# fodder for goats



## treeclimber233 (Nov 18, 2012)

Has anyone seen the fodder feed in the feeding horses section?  Anyone here do this?  Sounds interesting if it is really a plausable thing.

I see there is already another post about this.   Sorry


----------



## Harbisgirl (Nov 18, 2012)

I don't myself but I know of lady who does. She has a description of her setup on her blog  http://quartzridgeranch.wordpress.com/


----------



## Oakroot (Nov 19, 2012)

Lots of very high end farms feed hydro grown fodder including some of the biggest jumper and racing barns in the world.


----------



## vegaburm (Dec 16, 2012)

I would love to do this, but the space for it and time are definitely an issue!


----------



## animalmom (Dec 16, 2012)

I have one of the fodder systems that Melwynnd is producing.  I was quickly impressed by the simplicity and ease of use.  My daily time involvement is very, very minimal.  If I spend more than 5 minutes a day I would be incredibly surprised.  I should time my actual hands on involvement.  The process is easy... measure out your grain of choice, we use wheat, rinse, rinse again, soak for 30 minutes or so, drain and let the seeds sit until the next day.  I mean really, how long does it take a person to rinse out some seeds, put them in soak, come back later and drain?  This system is not a time sink at all.

Next day put the seeds in one of the trays, level out the seeds and put the tray in the rack.  From that point is is automated.  This is a well thought out system.

I can't answer the question on if your goats will eat the fodder as my goats don't get a chance to do so.  All the fodder goes to the geese who scarf it down.

The footprint of the fodder system I purchased is 22" x 24" and is about 45" tall.  I purchased the six tray system.
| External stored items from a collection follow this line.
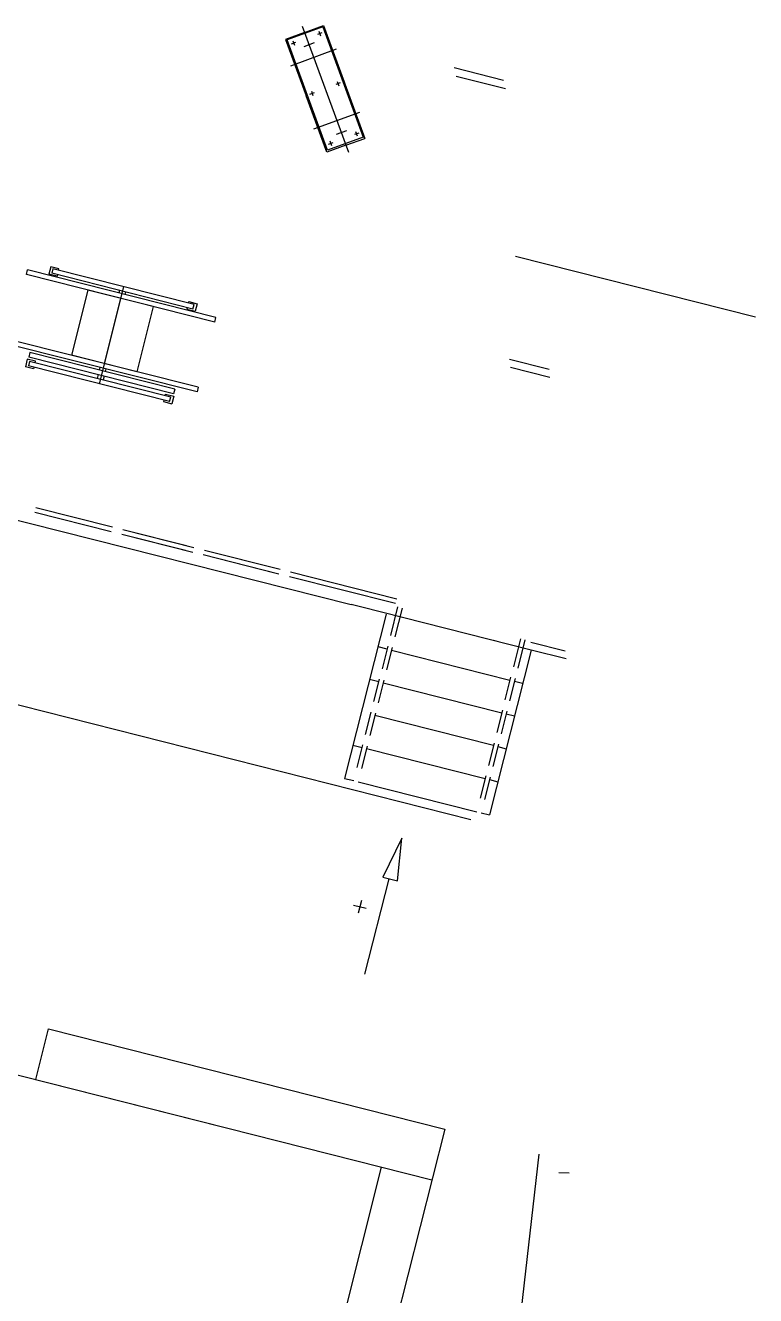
# Model space of a CAD drawing. Header units: metres. Extents: x 267365 to 277461, y 2088854 to 2108025.
# Drawn here: x 273149.49 to 273167.43, y 2095739.09 to 2095770.29 of the extents above; entities that cross this region are included whole.
import ezdxf

# ---------------------------------------------------------------- set-up
doc = ezdxf.new("R2010")
doc.units = ezdxf.units.M
for name, pattern in [('ACAD_ISO02W100', [15, 12, -3]), ('ACAD_ISO10W100', [18, 12, -3, 0, -3]), ('DASHEDX2', [38.1, 25.4, -12.7])]:
    doc.linetypes.add(name, pattern=pattern)

msp = doc.modelspace()

# ---------------------------------------------------------------- linework, layer by layer
at = {"color": 30}
for p, q in [((273156.797, 2095770.256), (273155.921, 2095769.935)), ((273156.797, 2095770.256), (273155.921, 2095769.935)), ((273156.797, 2095770.256), (273155.921, 2095769.935)), ((273156.35, 2095770.12), (273156.816, 2095770.291)), ((273156.35, 2095770.12), (273156.816, 2095770.291)), ((273156.35, 2095770.12), (273156.816, 2095770.291)), ((273156.797, 2095770.256), (273157.79, 2095767.545)), ((273156.797, 2095770.256), (273157.79, 2095767.545)), ((273156.797, 2095770.256), (273157.79, 2095767.545)), ((273156.816, 2095770.291), (273157.325, 2095768.904)), ((273156.816, 2095770.291), (273157.325, 2095768.904)), ((273156.816, 2095770.291), (273157.325, 2095768.904)), ((273156.35, 2095770.12), (273155.884, 2095769.949)), ((273156.35, 2095770.12), (273155.884, 2095769.949)), ((273156.35, 2095770.12), (273155.884, 2095769.949)), ((273155.884, 2095769.949), (273156.392, 2095768.562)), ((273155.884, 2095769.949), (273156.392, 2095768.562)), ((273155.884, 2095769.949), (273156.392, 2095768.562)), ((273156.915, 2095767.224), (273155.921, 2095769.935)), ((273156.915, 2095767.224), (273155.921, 2095769.935)), ((273156.915, 2095767.224), (273155.921, 2095769.935)), ((273156.589, 2095769.859), (273156.336, 2095769.766)), ((273156.589, 2095769.859), (273156.336, 2095769.766)), ((273156.589, 2095769.859), (273156.336, 2095769.766)), ((273160.023, 2095769.256), (273161.239, 2095768.949)), ((273160.023, 2095769.256), (273161.239, 2095768.949)), ((273160.023, 2095769.256), (273161.239, 2095768.949)), ((273157.833, 2095767.517), (273157.325, 2095768.904)), ((273157.833, 2095767.517), (273157.325, 2095768.904)), ((273157.833, 2095767.517), (273157.325, 2095768.904)), ((273160.078, 2095769.047), (273161.285, 2095768.742)), ((273160.078, 2095769.047), (273161.285, 2095768.742)), ((273160.078, 2095769.047), (273161.285, 2095768.742)), ((273156.901, 2095767.175), (273156.392, 2095768.562)), ((273156.901, 2095767.175), (273156.392, 2095768.562)), ((273156.901, 2095767.175), (273156.392, 2095768.562)), ((273157.378, 2095767.704), (273157.125, 2095767.611)), ((273157.378, 2095767.704), (273157.125, 2095767.611)), ((273157.378, 2095767.704), (273157.125, 2095767.611)), ((273157.367, 2095767.346), (273156.901, 2095767.175)), ((273157.367, 2095767.346), (273156.901, 2095767.175)), ((273157.367, 2095767.346), (273156.901, 2095767.175)), ((273157.79, 2095767.545), (273156.915, 2095767.224)), ((273157.79, 2095767.545), (273156.915, 2095767.224)), ((273157.79, 2095767.545), (273156.915, 2095767.224)), ((273157.521, 2095767.446), (273157.184, 2095767.323)), ((273157.521, 2095767.446), (273157.184, 2095767.323)), ((273157.521, 2095767.446), (273157.184, 2095767.323)), ((273157.367, 2095767.346), (273157.833, 2095767.517)), ((273157.367, 2095767.346), (273157.833, 2095767.517)), ((273157.367, 2095767.346), (273157.833, 2095767.517)), ((273119.897, 2095765.57), (273157.498, 2095756.066)), ((273119.897, 2095765.57), (273157.498, 2095756.066)), ((273119.897, 2095765.57), (273157.498, 2095756.066)), ((273161.383, 2095762.097), (273162.359, 2095761.85)), ((273161.383, 2095762.097), (273162.359, 2095761.85)), ((273161.383, 2095762.097), (273162.359, 2095761.85)), ((273161.408, 2095761.895), (273162.378, 2095761.65)), ((273161.408, 2095761.895), (273162.378, 2095761.65)), ((273161.408, 2095761.895), (273162.378, 2095761.65)), ((273158.353, 2095755.833), (273157.333, 2095751.798)), ((273158.353, 2095755.833), (273157.333, 2095751.798)), ((273158.353, 2095755.833), (273157.333, 2095751.798)), ((273157.724, 2095756.009), (273157.498, 2095756.066)), ((273157.724, 2095756.009), (273157.498, 2095756.066)), ((273157.724, 2095756.009), (273157.498, 2095756.066)), ((273161.916, 2095754.95), (273157.724, 2095756.009)), ((273161.916, 2095754.95), (273157.724, 2095756.009)), ((273161.916, 2095754.95), (273157.724, 2095756.009)), ((273161.057, 2095755.167), (273160.856, 2095755.218)), ((273161.057, 2095755.167), (273160.856, 2095755.218)), ((273161.057, 2095755.167), (273160.856, 2095755.218)), ((273158.151, 2095755.033), (273158.376, 2095754.976)), ((273158.151, 2095755.033), (273158.376, 2095754.976)), ((273158.151, 2095755.033), (273158.376, 2095754.976)), ((273158.487, 2095754.948), (273161.398, 2095754.212)), ((273158.487, 2095754.948), (273161.398, 2095754.212)), ((273158.487, 2095754.948), (273161.398, 2095754.212)), ((273161.916, 2095754.95), (273160.894, 2095750.898)), ((273161.916, 2095754.95), (273160.894, 2095750.898)), ((273161.916, 2095754.95), (273160.894, 2095750.898)), ((273161.911, 2095755.146), (273162.753, 2095754.933)), ((273161.911, 2095755.146), (273162.753, 2095754.933)), ((273161.911, 2095755.146), (273162.753, 2095754.933)), ((273162.779, 2095754.731), (273161.918, 2095754.949)), ((273162.779, 2095754.731), (273161.918, 2095754.949)), ((273162.779, 2095754.731), (273161.918, 2095754.949)), ((273157.948, 2095754.232), (273158.173, 2095754.175)), ((273157.948, 2095754.232), (273158.173, 2095754.175)), ((273157.948, 2095754.232), (273158.173, 2095754.175)), ((273158.284, 2095754.147), (273161.195, 2095753.411)), ((273158.284, 2095754.147), (273161.195, 2095753.411)), ((273158.284, 2095754.147), (273161.195, 2095753.411)), ((273161.509, 2095754.184), (273161.709, 2095754.133)), ((273161.509, 2095754.184), (273161.709, 2095754.133)), ((273161.509, 2095754.184), (273161.709, 2095754.133)), ((273158.08, 2095753.347), (273160.991, 2095752.611)), ((273158.08, 2095753.347), (273160.991, 2095752.611)), ((273158.08, 2095753.347), (273160.991, 2095752.611)), ((273161.306, 2095753.383), (273161.507, 2095753.332)), ((273161.306, 2095753.383), (273161.507, 2095753.332)), ((273161.306, 2095753.383), (273161.507, 2095753.332)), ((273157.539, 2095752.615), (273157.765, 2095752.558)), ((273157.539, 2095752.615), (273157.765, 2095752.558)), ((273157.539, 2095752.615), (273157.765, 2095752.558)), ((273157.876, 2095752.53), (273160.787, 2095751.794)), ((273157.876, 2095752.53), (273160.787, 2095751.794)), ((273157.876, 2095752.53), (273160.787, 2095751.794)), ((273161.103, 2095752.577), (273161.304, 2095752.526)), ((273161.103, 2095752.577), (273161.304, 2095752.526)), ((273161.103, 2095752.577), (273161.304, 2095752.526)), ((273157.333, 2095751.798), (273157.558, 2095751.741)), ((273157.333, 2095751.798), (273157.558, 2095751.741)), ((273157.333, 2095751.798), (273157.558, 2095751.741)), ((273160.898, 2095751.766), (273161.098, 2095751.715)), ((273160.898, 2095751.766), (273161.098, 2095751.715)), ((273160.898, 2095751.766), (273161.098, 2095751.715)), ((273157.669, 2095751.713), (273160.581, 2095750.977)), ((273157.669, 2095751.713), (273160.581, 2095750.977)), ((273157.669, 2095751.713), (273160.581, 2095750.977)), ((273160.692, 2095750.949), (273160.892, 2095750.898)), ((273160.692, 2095750.949), (273160.892, 2095750.898)), ((273160.692, 2095750.949), (273160.892, 2095750.898)), ((273158.74, 2095750.331), (273158.274, 2095749.372)), ((273158.74, 2095750.331), (273158.274, 2095749.372)), ((273158.633, 2095749.281), (273158.74, 2095750.331)), ((273158.633, 2095749.281), (273158.74, 2095750.331)), ((273157.834, 2095746.989), (273158.426, 2095749.333)), ((273157.834, 2095746.989), (273158.426, 2095749.333)), ((273157.834, 2095746.989), (273158.426, 2095749.333)), ((273158.274, 2095749.372), (273158.633, 2095749.281)), ((273158.274, 2095749.372), (273158.633, 2095749.281)), ((273157.865, 2095748.599), (273157.556, 2095748.677)), ((273157.865, 2095748.599), (273157.556, 2095748.677)), ((273157.865, 2095748.599), (273157.556, 2095748.677)), ((273157.749, 2095748.794), (273157.671, 2095748.485)), ((273157.749, 2095748.794), (273157.671, 2095748.485)), ((273157.749, 2095748.794), (273157.671, 2095748.485)), ((273149.743, 2095744.398), (273150.058, 2095745.644)), ((273149.743, 2095744.398), (273150.058, 2095745.644)), ((273149.743, 2095744.398), (273150.058, 2095745.644)), ((273161.528, 2095737.437), (273162.112, 2095742.564)), ((273161.528, 2095737.437), (273162.112, 2095742.564)), ((273161.528, 2095737.437), (273162.112, 2095742.564)), ((273162.599, 2095742.116), (273162.856, 2095742.109)), ((273162.599, 2095742.116), (273162.856, 2095742.109)), ((273162.599, 2095742.116), (273162.856, 2095742.109))]:
    msp.add_line(p, q, dxfattribs=at)
at = {"color": 30, "linetype": 'DASHEDX2'}
for p, q in [((273156.294, 2095770.272), (273157.427, 2095767.181)), ((273156.294, 2095770.272), (273157.427, 2095767.181)), ((273156.294, 2095770.272), (273157.427, 2095767.181)), ((273156.701, 2095770.148), (273156.741, 2095770.038)), ((273156.701, 2095770.148), (273156.741, 2095770.038)), ((273156.701, 2095770.148), (273156.741, 2095770.038)), ((273156.03, 2095769.838), (273156.14, 2095769.878)), ((273156.03, 2095769.838), (273156.14, 2095769.878)), ((273156.03, 2095769.838), (273156.14, 2095769.878)), ((273156.064, 2095769.914), (273156.104, 2095769.805)), ((273156.064, 2095769.914), (273156.104, 2095769.805)), ((273156.064, 2095769.914), (273156.104, 2095769.805)), ((273156.777, 2095770.111), (273156.667, 2095770.071)), ((273156.777, 2095770.111), (273156.667, 2095770.071)), ((273156.777, 2095770.111), (273156.667, 2095770.071)), ((273156.011, 2095769.302), (273157.136, 2095769.714)), ((273156.011, 2095769.302), (273157.136, 2095769.714)), ((273156.011, 2095769.302), (273157.136, 2095769.714)), ((273157.153, 2095768.913), (273157.194, 2095768.804)), ((273157.153, 2095768.913), (273157.194, 2095768.804)), ((273157.153, 2095768.913), (273157.194, 2095768.804)), ((273156.483, 2095768.603), (273156.592, 2095768.643)), ((273156.483, 2095768.603), (273156.592, 2095768.643)), ((273156.483, 2095768.603), (273156.592, 2095768.643)), ((273156.517, 2095768.68), (273156.557, 2095768.57)), ((273156.517, 2095768.68), (273156.557, 2095768.57)), ((273156.517, 2095768.68), (273156.557, 2095768.57)), ((273157.229, 2095768.877), (273157.119, 2095768.837)), ((273157.229, 2095768.877), (273157.119, 2095768.837)), ((273157.229, 2095768.877), (273157.119, 2095768.837)), ((273156.58, 2095767.751), (273157.705, 2095768.164)), ((273156.58, 2095767.751), (273157.705, 2095768.164)), ((273156.58, 2095767.751), (273157.705, 2095768.164)), ((273157.687, 2095767.648), (273157.577, 2095767.608)), ((273157.687, 2095767.648), (273157.577, 2095767.608)), ((273157.687, 2095767.648), (273157.577, 2095767.608)), ((273157.653, 2095767.572), (273157.612, 2095767.681)), ((273157.653, 2095767.572), (273157.612, 2095767.681)), ((273157.653, 2095767.572), (273157.612, 2095767.681)), ((273156.942, 2095767.371), (273157.051, 2095767.412)), ((273156.942, 2095767.371), (273157.051, 2095767.412)), ((273156.942, 2095767.371), (273157.051, 2095767.412)), ((273157.017, 2095767.335), (273156.977, 2095767.444)), ((273157.017, 2095767.335), (273156.977, 2095767.444)), ((273157.017, 2095767.335), (273156.977, 2095767.444))]:
    msp.add_line(p, q, dxfattribs=at)
at = {"color": 30, "linetype": 'ByBlock'}
for p, q in [((273156.816, 2095770.291), (273157.833, 2095767.517)), ((273156.816, 2095770.291), (273157.833, 2095767.517)), ((273156.816, 2095770.291), (273157.833, 2095767.517)), ((273149.516, 2095764.173), (273149.544, 2095764.287)), ((273149.516, 2095764.173), (273149.544, 2095764.287)), ((273149.516, 2095764.173), (273149.544, 2095764.287)), ((273154.171, 2095763.117), (273149.544, 2095764.287)), ((273154.171, 2095763.117), (273149.544, 2095764.287)), ((273154.171, 2095763.117), (273149.544, 2095764.287)), ((273150.112, 2095764.365), (273150.066, 2095764.182)), ((273150.112, 2095764.365), (273150.066, 2095764.182)), ((273150.112, 2095764.365), (273150.066, 2095764.182)), ((273150.314, 2095764.314), (273150.112, 2095764.365)), ((273150.314, 2095764.314), (273150.112, 2095764.365)), ((273150.314, 2095764.314), (273150.112, 2095764.365)), ((273150.166, 2095764.313), (273150.138, 2095764.202)), ((273150.166, 2095764.313), (273150.138, 2095764.202)), ((273150.166, 2095764.313), (273150.138, 2095764.202)), ((273153.636, 2095763.436), (273150.166, 2095764.313)), ((273153.636, 2095763.436), (273150.166, 2095764.313)), ((273153.636, 2095763.436), (273150.166, 2095764.313)), ((273150.305, 2095764.278), (273150.314, 2095764.314)), ((273150.305, 2095764.278), (273150.314, 2095764.314)), ((273150.305, 2095764.278), (273150.314, 2095764.314)), ((273154.142, 2095763.003), (273149.516, 2095764.173)), ((273154.142, 2095763.003), (273149.516, 2095764.173)), ((273154.142, 2095763.003), (273149.516, 2095764.173)), ((273150.267, 2095764.131), (273150.066, 2095764.182)), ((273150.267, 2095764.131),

This product does what it is intended to do with very little oversight from me.  I think it is a good system for the backyardherd owner.  I am not associated with the manufacturer, nor do I receive any compensation for my opinions.  I really like this product.  It does what it says it will do.  My only complaint is I should have bought the 12 tray system so that the goats could get some fodder too.  Didn't think the geese would lay claim to it all.


----------



## vegaburm (Dec 16, 2012)

Yes, with one of the systems it does not look bad, but this link on this post was not with one of those. She said the seeds had to be watered 3-4 times a day, and I know in my life that would never happen. With the setups, space is an issue for me, finding a window somewhere where my cats won't jump in it and make a mess would mean putting it in my bedroom, with all the other things my cats need to stay out of. With so much clutter there already I don't want to do that. Now all I need to do is kick out one of my children and start using their bedroom for this sort of stuff and snake racks. Lol.


----------



## doxiemoxie (Dec 18, 2012)

My question is where are you purchasing the seed and what cost?


----------



## treeclimber233 (Dec 19, 2012)

I have messed around with starting with the fodder.  I have found it does not need to be watered 3-4 times a day.  Knowing I was leaving (deer hunting) for 4 days I just left my 3 trays sitting in the room.  It was molding so I did not want to feed it to my animals anyway.  When I came back the seeds that sprouted were still alive and growing.  Granted it had a terrible sprout rate.  I tried the first time with whole oats and  got  a 10-15% sprout rate.  Horrible I know.   Now I am trying to sprout annual rye grass.  It took about 5 days to sprout and is finally growing.  I need to figure out how many seeds to put in my containers because after the seeds swelled up there is about 1 inch (maybe deeper) of seeds in the tray.  I did not buy the system because I want to see how it works first.  Maybe make my own. It looks simple enough.  It really does not seem to take much time at all.


----------



## animalmom (Dec 20, 2012)

We are using "whole wheat for feed" seeds and are very pleased with the sprout rate.  Locally here in North Central Texas a 50 pound bag costs $12.95.  The wheat feed seed is just wheat seed with nothing added, not processed, not steamed, not rolled, nada.  We get it at a local feed store and they get it from Oklahoma.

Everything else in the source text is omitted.